The best space heater, bar none,...............................a home in Miami.


----------



## wacor (Feb 22, 2005)

gbrumb said:


> The best space heater, bar none,...............................a home in Miami.


Not during the hurricane season.


----------



## stinger127 (Jan 30, 2007)

Wasn't that tornadoes that just hit Florida? Seems they have been getting hit by almost everything that Mother nature has to offer. I wonder why Mother nature has decided to hit them so much in the last few years? I vacation there often but I don't know, I will maybe have to rethink it.


----------



## wacor (Feb 22, 2005)

stinger127 said:


> Wasn't that tornadoes that just hit Florida? Seems they have been getting hit by almost everything that Mother nature has to offer. I wonder why Mother nature has decided to hit them so much in the last few years? I vacation there often but I don't know, I will maybe have to rethink it.


Mother nature keeps sending out messages but people just continue to ignore them.

I think I would find another place warm to live. Seems like Arizona does not have a lot of problems in that regard but maybe I have missed them


----------



## GoneForNow (Jul 22, 2001)

wacor said:


> Not during the hurricane season.


Why? Then its just hot and wet.


----------



## wacor (Feb 22, 2005)

gbrumb said:


> Why? Then its just hot and wet.


Hot and wet is fine when it comes to sex otherwise not willing to experiment.


----------



## JohnWill (Oct 19, 2002)

wacor said:


> Mother nature keeps sending out messages but people just continue to ignore them.
> 
> I think I would find another place warm to live. Seems like Arizona does not have a lot of problems in that regard but maybe I have missed them


The water table is dropping in Arizona like a stone, and it won't be that long until there's a major water crisis there. They already have lots of issues with sinkholes...


----------



## wacor (Feb 22, 2005)

JohnWill said:


> The water table is dropping in Arizona like a stone, and it won't be that long until there's a major water crisis there. They already have lots of issues with sinkholes...


I am aware of the water issues. 
There are many reasons for it but predominately I think it has to do with over development. 
I know that the southwest has many issues with regards to water rights.
Unfortunately other states assume they will have the same problem and try to use a one fix for all to deal with it.
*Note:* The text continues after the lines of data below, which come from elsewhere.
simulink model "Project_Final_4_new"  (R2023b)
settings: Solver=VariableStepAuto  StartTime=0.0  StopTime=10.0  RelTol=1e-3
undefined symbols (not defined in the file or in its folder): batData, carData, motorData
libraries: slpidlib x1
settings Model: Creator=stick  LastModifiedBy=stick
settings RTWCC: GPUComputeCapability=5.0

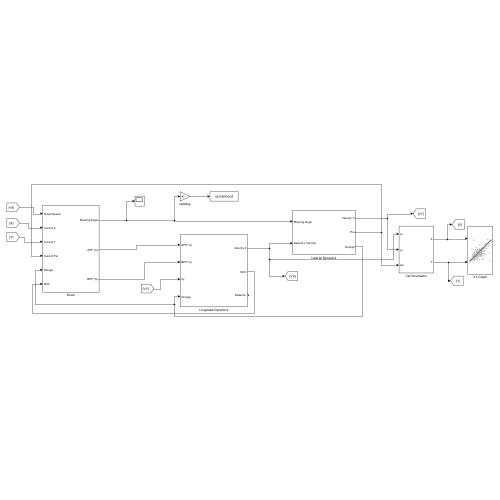
[thumbnail: Simulink's stored preview of the top-level diagram]
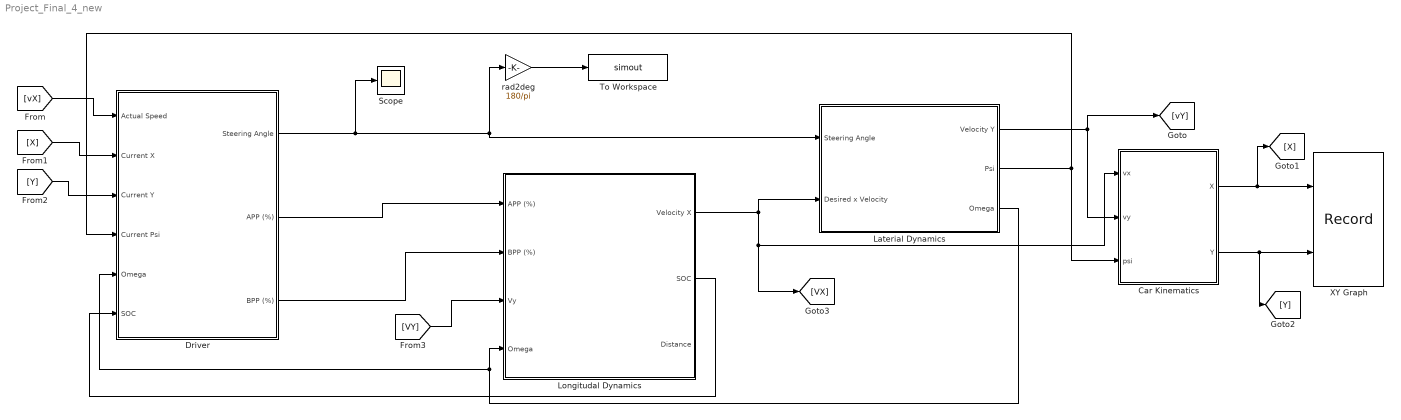
== system Project_Final_4_new ==
  Car Kinematics : Subsystem
  Driver : Subsystem
  Laterial Dynamics : Subsystem
  Longitudal Dynamics : Subsystem
  Scope : Scope
  To Workspace : ToWorkspace  VariableName=simout  SaveFormat=Timeseries  SampleTime=-1
  XY Graph : Record  FileSettingsInternal="{\"entries\":[{\"content\":{\"excelSettings\":{\"content\":{},\"type\":\"Streamout.ExcelSettings\"}},\"type\":\"Streamout.FileSettingStorage\",\"uuid\":\"\"}],\"packageUris\":[\"http:\\/\\/schema.mathworks.com\\/mf0\\/streamout_blocks\\/R2020a\"],\"version\":\"1.0\"}"  Layout=[1 1]  SignalsInternal="{\"entries\":[{\"content\":{\"signals\":[{\"content\":{\"blockPath\":[],\"dimensions\":[1],\"domain\":\"\",\"lineColor\":\"#d95319\",\"plots\":[ 1 ],\"port\":1,\"signalID\":1,\"signalName\":\"Car Kinematics:1\"},\"type\":\"RecordBlkView.Signal\",\"uuid\":\"\"},{\"content\":{\"blockPath\":[],\"dimensions\":[1],\"domain\":\"\",\"lineColor\":\"#edb120\",\"plots\":[ 1 ],\"port\":2,\"signalID\":2,\"signalName\":\"Car Kinematics:2\"},\"type\":\"RecordBlkView.Signal\",\"uuid\":\"\"}]},\"type\":\"RecordBlkView.InputSignals\",\"uuid\":\"\"}],\"packageUris\":[\"http:\\/\\/schema.mathworks.com\\/mf0\\/streamout_blocks\\/R2020a\"],\"version\":\"1.0\"}"  VisualizationBindings="{\"xyplotplugin\":{\"info\":[{\"series\":[{\"bindingParametersList\":[{\"parameter\":\"X-Axis\",\"signalID\":1,\"signalName\":\"Car Kinematics:1\"},{\"parameter\":\"Y-Axis\",\"signalID\":2,\"signalName\":\"Car Kinematics:2\"}],\"seriesID\":0}],\"subplotID\":1}]}}"  CompatibilityTag=XY  st=-1
  rad2deg : Gain  Gain=180/pi
  wires:
  [VY] -> Longitudal Dynamics/3(Vy)
  Driver/2(APP (%)) -> Longitudal Dynamics/1(APP (%))
  Driver/3(BPP (%)) -> Longitudal Dynamics/2(BPP (%))
  Laterial Dynamics/1(Velocity Y) -> [vY], Car Kinematics/2(vy)
  Longitudal Dynamics/1(Velocity X) -> [VX], Car Kinematics/1(vx), Laterial Dynamics/2(Desired x Velocity)
  Laterial Dynamics/2(Psi) -> Driver/4(Current Psi), Car Kinematics/3(psi)
  Laterial Dynamics/3(Omega) -> Longitudal Dynamics/4(Omega), Driver/5(Omega)
  Longitudal Dynamics/2(SOC) -> Driver/6(SOC)
  Driver/1(Steering Angle) -> Scope/1, rad2deg/1, Laterial Dynamics/1(Steering Angle)
  Car Kinematics/1(X) -> [X], XY Graph/1
  Car Kinematics/2(Y) -> [Y], XY Graph/2
  rad2deg/1 -> To Workspace/1
  [vX] -> Driver/1(Actual Speed)
  [X] -> Driver/2(Current X)
  [Y] -> Driver/3(Current Y)

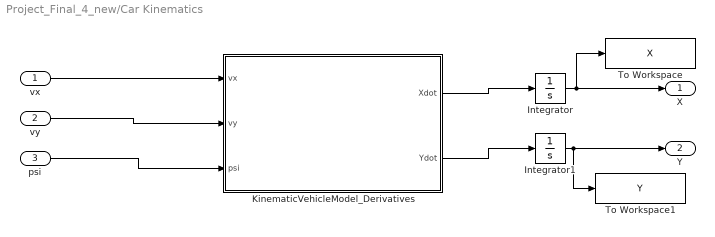
== system Project_Final_4_new/Car Kinematics ==
  vx : Inport
  vy : Inport  Port=2
  psi : Inport  Port=3
  Integrator : Integrator  InitialCondition=carData.init.X0
  Integrator1 : Integrator  InitialCondition=carData.init.Y0
  KinematicVehicleModel_Derivatives : MATLAB Function  TreatAsAtomicUnit=on
  To Workspace : ToWorkspace  VariableName=X  SaveFormat=Timeseries  SampleTime=-1
  To Workspace1 : ToWorkspace  VariableName=Y  SaveFormat=Timeseries  SampleTime=-1
  X : Outport
  Y : Outport  Port=2
  wires:
  Integrator1/1 -> To Workspace1/1, Y/1
  vy/1 -> KinematicVehicleModel_Derivatives/2(vy)
  vx/1 -> KinematicVehicleModel_Derivatives/1(vx)
  KinematicVehicleModel_Derivatives/2(Ydot) -> Integrator1/1
  psi/1 -> KinematicVehicleModel_Derivatives/3(psi)
  Integrator/1 -> To Workspace/1, X/1
  KinematicVehicleModel_Derivatives/1(Xdot) -> Integrator/1

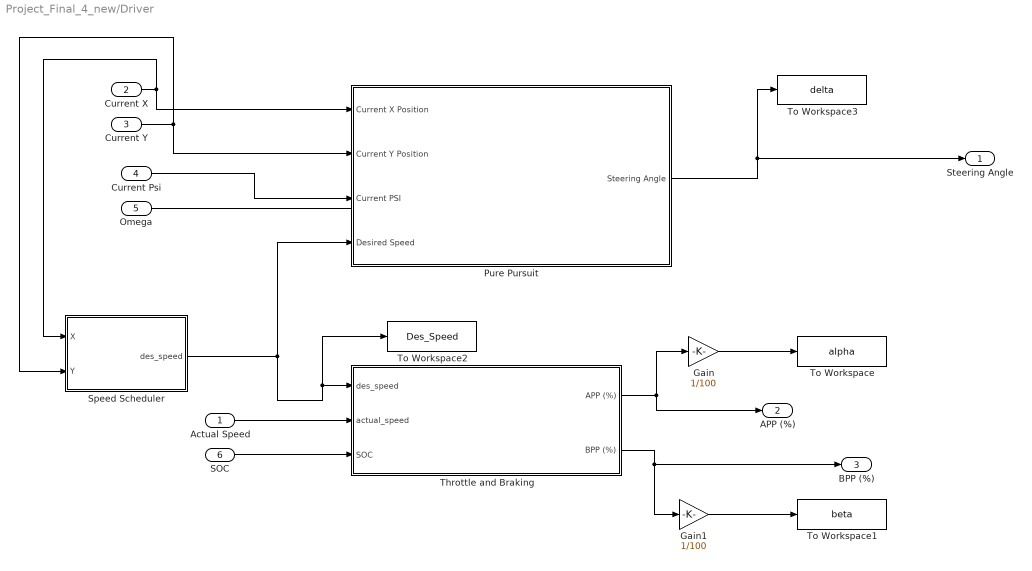
== system Project_Final_4_new/Driver ==
  Actual Speed : Inport
  Current X : Inport  Port=2
  Current Y : Inport  Port=3
  Current Psi : Inport  Port=4
  Omega : Inport  Port=5
  SOC : Inport  Port=6
  Gain : Gain  Gain=1/100
  Gain1 : Gain  Gain=1/100
  Pure Pursuit : Subsystem
  Speed Scheduler : MATLAB Function  TreatAsAtomicUnit=on
  Throttle and Braking : Subsystem
  To Workspace : ToWorkspace  VariableName=alpha  SaveFormat=Timeseries  SampleTime=-1
  To Workspace1 : ToWorkspace  VariableName=beta  SaveFormat=Timeseries  SampleTime=-1
  To Workspace2 : ToWorkspace  VariableName=Des_Speed  SaveFormat=Timeseries  SampleTime=-1
  To Workspace3 : ToWorkspace  VariableName=delta  SaveFormat=Timeseries  SampleTime=-1
  Steering Angle : Outport
  APP (%) : Outport  Port=2
  BPP (%) : Outport  Port=3
  wires:
  Throttle and Braking/1(APP (%)) -> APP (%)/1, Gain/1
  Throttle and Braking/2(BPP (%)) -> BPP (%)/1, Gain1/1
  Speed Scheduler/1(des_speed) -> To Workspace2/1, Throttle and Braking/1(des_speed), Pure Pursuit/4(Desired Speed)
  Pure Pursuit/1(Steering Angle) -> Steering Angle/1, To Workspace3/1
  Gain/1 -> To Workspace/1
  Gain1/1 -> To Workspace1/1
  Actual Speed/1 -> Throttle and Braking/2(actual_speed)
  SOC/1 -> Throttle and Braking/3(SOC)
  Current Psi/1 -> Pure Pursuit/3(Current PSI)
  Omega/1 -> ?
  Current X/1 -> Speed Scheduler/1(X), Pure Pursuit/1(Current X Position)
  Current Y/1 -> Speed Scheduler/2(Y), Pure Pursuit/2(Current Y Position)

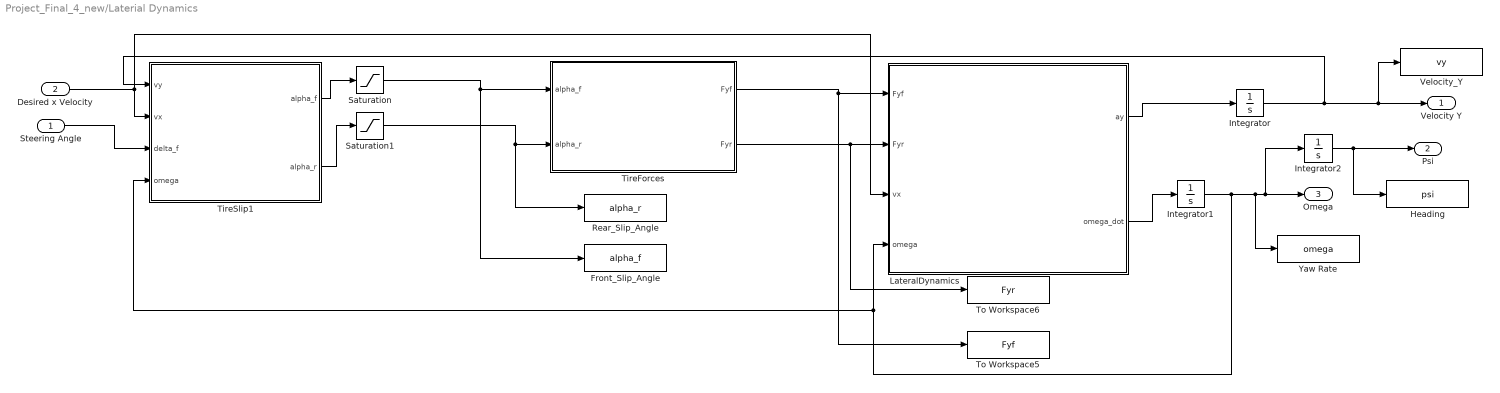
== system Project_Final_4_new/Laterial Dynamics ==
  Steering Angle : Inport
  Desired x Velocity : Inport  Port=2
  Front_Slip_Angle : ToWorkspace  VariableName=alpha_f  SaveFormat=Timeseries  SampleTime=-1
  Heading : ToWorkspace  VariableName=psi  SaveFormat=Timeseries  SampleTime=-1
  Integrator : Integrator  InitialCondition=carData.init.vy0
  Integrator1 : Integrator  InitialCondition=carData.init.omega0
  Integrator2 : Integrator  InitialCondition=carData.init.psi0  WrappedStateUpperValue=2*pi  WrappedStateLowerValue=0
  LateralDynamics : MATLAB Function  TreatAsAtomicUnit=on
  Rear_Slip_Angle : ToWorkspace  VariableName=alpha_r  SaveFormat=Timeseries  SampleTime=-1
  Saturation : Saturate  UpperLimit=carData.maxAlpha  LowerLimit=-carData.maxAlpha
  Saturation1 : Saturate  UpperLimit=carData.maxAlpha  LowerLimit=-carData.maxAlpha
  TireForces : MATLAB Function  TreatAsAtomicUnit=on
  TireSlip1 : MATLAB Function  TreatAsAtomicUnit=on
  To Workspace5 : ToWorkspace  VariableName=Fyf  SaveFormat=Timeseries  SampleTime=-1
  To Workspace6 : ToWorkspace  VariableName=Fyr  SaveFormat=Timeseries  SampleTime=-1
  Velocity_Y : ToWorkspace  VariableName=vy  SaveFormat=Timeseries  SampleTime=-1
  Yaw Rate : ToWorkspace  VariableName=omega  SaveFormat=Timeseries  SampleTime=-1
  Velocity Y : Outport
  Psi : Outport  Port=2
  Omega : Outport  Port=3
  wires:
  TireSlip1/2(alpha_r) -> Saturation1/1
  Integrator1/1 -> Omega/1, Integrator2/1, Yaw Rate/1, LateralDynamics/4(omega), TireSlip1/4(omega)
  LateralDynamics/1(ay) -> Integrator/1
  Saturation/1 -> Front_Slip_Angle/1, TireForces/1(alpha_f)
  TireForces/2(Fyr) -> LateralDynamics/2(Fyr), To Workspace6/1
  Steering Angle/1 -> TireSlip1/3(delta_f)
  LateralDynamics/2(omega_dot) -> Integrator1/1
  Desired x Velocity/1 -> TireSlip1/2(vx), LateralDynamics/3(vx)
  TireSlip1/1(alpha_f) -> Saturation/1
  Integrator2/1 -> Psi/1, Heading/1
  TireForces/1(Fyf) -> LateralDynamics/1(Fyf), To Workspace5/1
  Integrator/1 -> TireSlip1/1(vy), Velocity Y/1, Velocity_Y/1
  Saturation1/1 -> TireForces/2(alpha_r), Rear_Slip_Angle/1

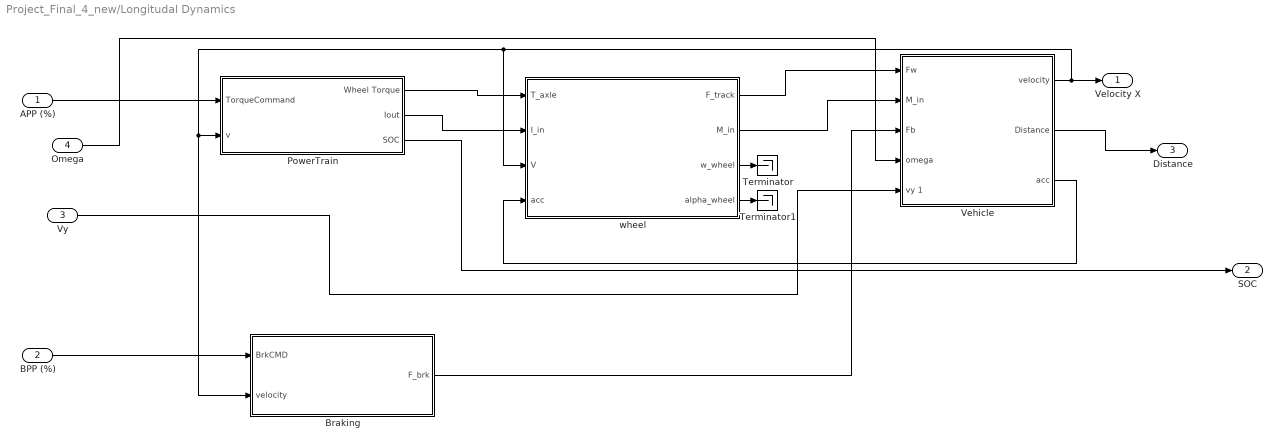
== system Project_Final_4_new/Longitudal Dynamics ==
  APP (%) : Inport
  BPP (%) : Inport  Port=2
  Vy : Inport  Port=3
  Omega : Inport  Port=4
  Braking : Subsystem
  PowerTrain : Subsystem
  Terminator : Terminator
  Terminator1 : Terminator
  Vehicle : Subsystem
  "wheel " : Subsystem
  Velocity X : Outport
  SOC : Outport  Port=2
  "Distance " : Outport  Port=3
  wires:
  Vehicle/1("velocity ") -> Velocity X/1, Braking/2("velocity "), PowerTrain/2(v), "wheel "/3(V)
  "wheel "/3(w_wheel) -> Terminator/1
  "wheel "/4(alpha_wheel) -> Terminator1/1
  APP (%)/1 -> PowerTrain/1(TorqueCommand)
  Vehicle/3(acc) -> "wheel "/4(acc)
  "wheel "/2(M_in) -> Vehicle/2("M_in ")
  "wheel "/1(F_track) -> Vehicle/1("Fw ")
  Vy/1 -> Vehicle/5(vy 1)
  Braking/1("F_brk ") -> Vehicle/3("Fb ")
  PowerTrain/2(Iout) -> "wheel "/2(I_in)
  PowerTrain/1(Wheel Torque) -> "wheel "/1(T_axle)
  Omega/1 -> Vehicle/4(omega)
  BPP (%)/1 -> Braking/1("BrkCMD ")
  PowerTrain/3(SOC) -> SOC/1
  Vehicle/2("Distance ") -> "Distance "/1

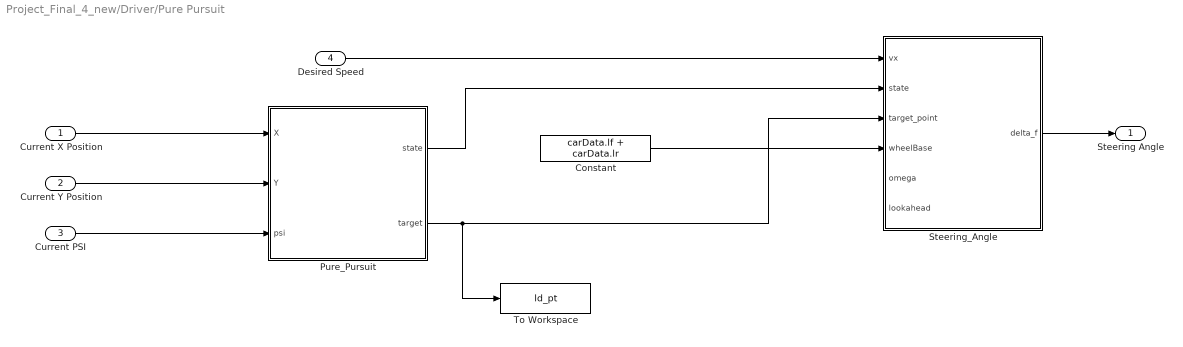
== system Project_Final_4_new/Driver/Pure Pursuit ==
  Current X Position : Inport
  Current Y Position : Inport  Port=2
  Current PSI : Inport  Port=3
  Desired Speed : Inport  Port=4
  Constant : Constant  Value=carData.lf + carData.lr
  Pure_Pursuit : MATLAB Function  TreatAsAtomicUnit=on
  Steering_Angle : MATLAB Function  TreatAsAtomicUnit=on
  To Workspace : ToWorkspace  VariableName=ld_pt  SaveFormat=Timeseries  SampleTime=-1
  Steering Angle : Outport
  wires:
  Constant/1 -> Steering_Angle/4(wheelBase)
  Steering_Angle/1(delta_f) -> Steering Angle/1
  Pure_Pursuit/2(target) -> Steering_Angle/3(target_point), To Workspace/1
  Pure_Pursuit/1(state) -> Steering_Angle/2(state)
  Desired Speed/1 -> Steering_Angle/1(vx)
  Current PSI/1 -> Pure_Pursuit/3(psi)
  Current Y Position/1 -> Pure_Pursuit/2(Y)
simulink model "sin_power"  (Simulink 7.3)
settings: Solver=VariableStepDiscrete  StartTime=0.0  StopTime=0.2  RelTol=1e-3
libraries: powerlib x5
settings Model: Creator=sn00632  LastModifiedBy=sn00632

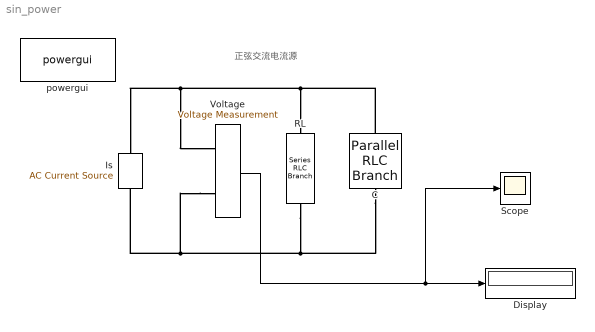
== system sin_power ==
  note: 正弦交流电流源
  C : powerlib/Elements/Parallel RLC Branch  DialogController=POWERSYS.PowerSysDialog  PhysicalDomain=powersysdomain  SubClassName=unknown  LeftPortType=p1  RightPortType=p1  LConnTagsString=a  RConnTagsString=__new0  BranchType=C  Resistance=1  Inductance=1e-3  SetiL0=off  InitialCurrent=0  Capacitance=5e-4  Setx0=off  InitialVoltage=0  Measurements=None
  Display : Display
  Is : powerlib/Electrical Sources/AC Current Source  DialogController=POWERSYS.PowerSysDialog  SystemSampleTime=-1  Amplitude=10*sqrt(2)  Phase=15  Frequency=100  SampleTime=0  Measurements=None
  RL : powerlib/Elements/Series RLC Branch  DialogController=POWERSYS.PowerSysDialog  PhysicalDomain=powersysdomain  SubClassName=unknown  LeftPortType=p1  RightPortType=p1  LConnTagsString=__new0  RConnTagsString=__new0  BranchType=RL  Resistance=10  Inductance=0.1  SetiL0=off  InitialCurrent=0  Capacitance=1.0  Setx0=off  InitialVoltage=0  Measurements=None
  Scope : Scope
      settings: YMin=-50  YMax=50
  Voltage : powerlib/Measurements/Voltage Measurement  DialogController=POWERSYS.PowerSysDialog  SystemSampleTime=-1  PhasorSimulation=off  OutputType=Complex  PSBequivalent=0
  powergui : powerlib/powergui  Priority=1  SystemSampleTime=-1  SimulationMode=Discrete  SampleTime=50e-6  frequency=60  SPID=off  DisableSnubberDevices=off  DisableRonSwitches=off  DisableVfSwitches=off  SwTol=0  Interpol=off  frequencyindice=100  echomessages=off  HookPort=off  DisplayEquations=off  FunctionMessages=off  EnableUseOfTLC=off  x0status=blocks  RestoreLinks=warning  Frange=[0:2:500]  Ylog=off  Xlog=on  ShowGrid=off  save=off  variable=ZData  ZoomFFT=on  StartTime=0.0  cycles=1  DisplayStyle=1  fundamental=60  FreqAxis=off  MaxFrequency=1000  frequencyindicesteady=1  RmsSteady=1  display=off  Ts=0  methode=off
  wires:
  Voltage/1 -> Display/1, Scope/1
  connections:
  C/LConn1 -- RL/LConn1 -- Is/RConn1 -- Voltage/LConn1
  Voltage/LConn2 -- C/RConn1 -- RL/RConn1 -- Is/LConn1
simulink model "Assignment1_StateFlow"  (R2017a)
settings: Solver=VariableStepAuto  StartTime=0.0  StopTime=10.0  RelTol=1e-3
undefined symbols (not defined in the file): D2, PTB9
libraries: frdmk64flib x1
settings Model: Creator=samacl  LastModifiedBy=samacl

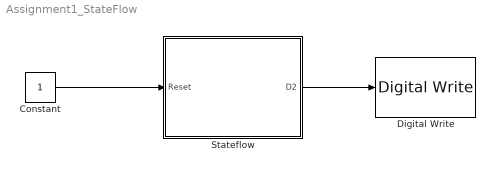
== system Assignment1_StateFlow ==
  Constant : Constant
  Digital Write : frdmk64flib/Digital Write  Whichpin=PTB9 (D2)
      settings: SourceProductName=Simulink Coder Support Package for NXP FRDM-K64F Board
  Stateflow : Stateflow chart  TreatAsAtomicUnit=on
  wires:
  Stateflow/1(D2) -> Digital Write/1
  Constant/1 -> Stateflow/1(Reset)

== stateflow chart Assignment1_StateFlow/Stateflow ==
  note: Wait for VRP
  state Sense_v
    entry: sense_ventricle()
  state Pulse_v
    entry: pulse_ventricle()
  state Set_v
    entry: set_ventricle()
  note: Wait for VRP
  state Load
    entry: load_data(Reset)
  state Pulse_a
    entry: pulse_atrium()
  note: Wait for ARP
  state Set_a
    entry: set_atrium()
  note: Wait for ARP
  state Sense_a
    entry: sense_atrium()
  Sense_v -> Load [order 1]
  Sense_v -> Pulse_v [order 2]
  Set_v -> Sense_v [order 1]
  Pulse_v -> Load
  Set_v -> Pulse_v [order 2]
  Load -> Set_v [order 2]
  Pulse_a -> Set_v [order 2]
  Pulse_a -> Load [order 1]
  (default) -> Load
  Set_a -> Pulse_a [order 2]
  Sense_a -> Pulse_a [order 2]
  Sense_a -> Load [order 1]
  Load -> Set_a [order 1]
  Set_a -> Sense_a [order 1]
  data: x function_input; Reset input; D2 output
  function load_data(x):
    | % Load all parameters from DCM
    | % Load mode
    | % Checks Magnet
    | % Checks if Reset button was pressed by the doctor
    | function load_data(x)
    |     if(x)
    |         
    |     end
    | end
  function set_ventricle:
    | % million switch statements
    | % charge capacitor
    | % 
    | function set_ventricle()
    | 
    | end
  function set_atrium:
    | function set_atrium()
    | 
    | end
  function sense_ventricle:
    | % check if the heart pulsed
    | % if the heart pulsed go to load
    | % else pulse
    | function sense_ventricle()
    | 
    | end
  function sense_atrium:
    | % check if the heart pulsed
    | % if the heart pulsed go to load
    | % else pulse
    | function sense_atrium()
    | 
    | end
  function pulse_ventricle:
    | % Discharge capacitor
    | % Pulse between LRL and URL
    | % at the end - wait for the 
    | function pulse_ventricle()
    | 
    | end
  function pulse_atrium:
    | function pulse_atrium()
    | 
    | end

I guess if you can have water flown in then it would be a pretty great place to live. 

sorry about the hijack.


----------



## Fidelista (Jan 17, 2004)

stinger127 said:


> Wasn't that tornadoes that just hit Florida? Seems they have been getting hit by almost everything that Mother nature has to offer. I wonder why Mother nature has decided to hit them so much in the last few years? I vacation there often but I don't know, I will maybe have to rethink it.


Cubans!!!! Mother nature hates Cubans.  >f


----------



## diablo75 (Sep 7, 2006)

I bought an oil filled radiating space heater, and I'd have to say it works pretty damn good. My bed room used to be a garage before I moved in, so the house wasn't built with vents leading from the furnace to that room. The heater takes care of that problem pretty nicely, even when running in it's lowest mode of 600 watts with temperature regulation. The oil provides a form of "momentum", I guess. I think I read somewhere that they're more efficient.


----------



## JohnWill (Oct 19, 2002)

See my previous post. 


> Actually, all electric heaters will have exactly the same efficiency, 3.4 BTU/Watt. While some heaters may be more effective at putting the heat where you want it, you'll get the same amount of heat from any resistance heater.


----------



## wacor (Feb 22, 2005)

JohnWill said:


> See my previous post.


I wonder though that if using it to maintain heat in a room where the unit is going on and off if the one Diablo purchased would not in the end be more efficient. thought I had seen where they were and if so based on your comment it would have to do with the oil retaining heat and emitting it when the heater is off.


----------



## GoneForNow (Jul 22, 2001)

Fidelista said:


> Cubans!!!! Mother nature hates Cubans.  >f


No, just you.


----------



## kiwiguy (Aug 17, 2003)

wacor said:


> I wonder though that if using it to maintain heat in a room where the unit is going on and off if the one Diablo purchased would not in the end be more efficient. thought I had seen where they were and if so based on your comment it would have to do with the oil retaining heat and emitting it when the heater is off.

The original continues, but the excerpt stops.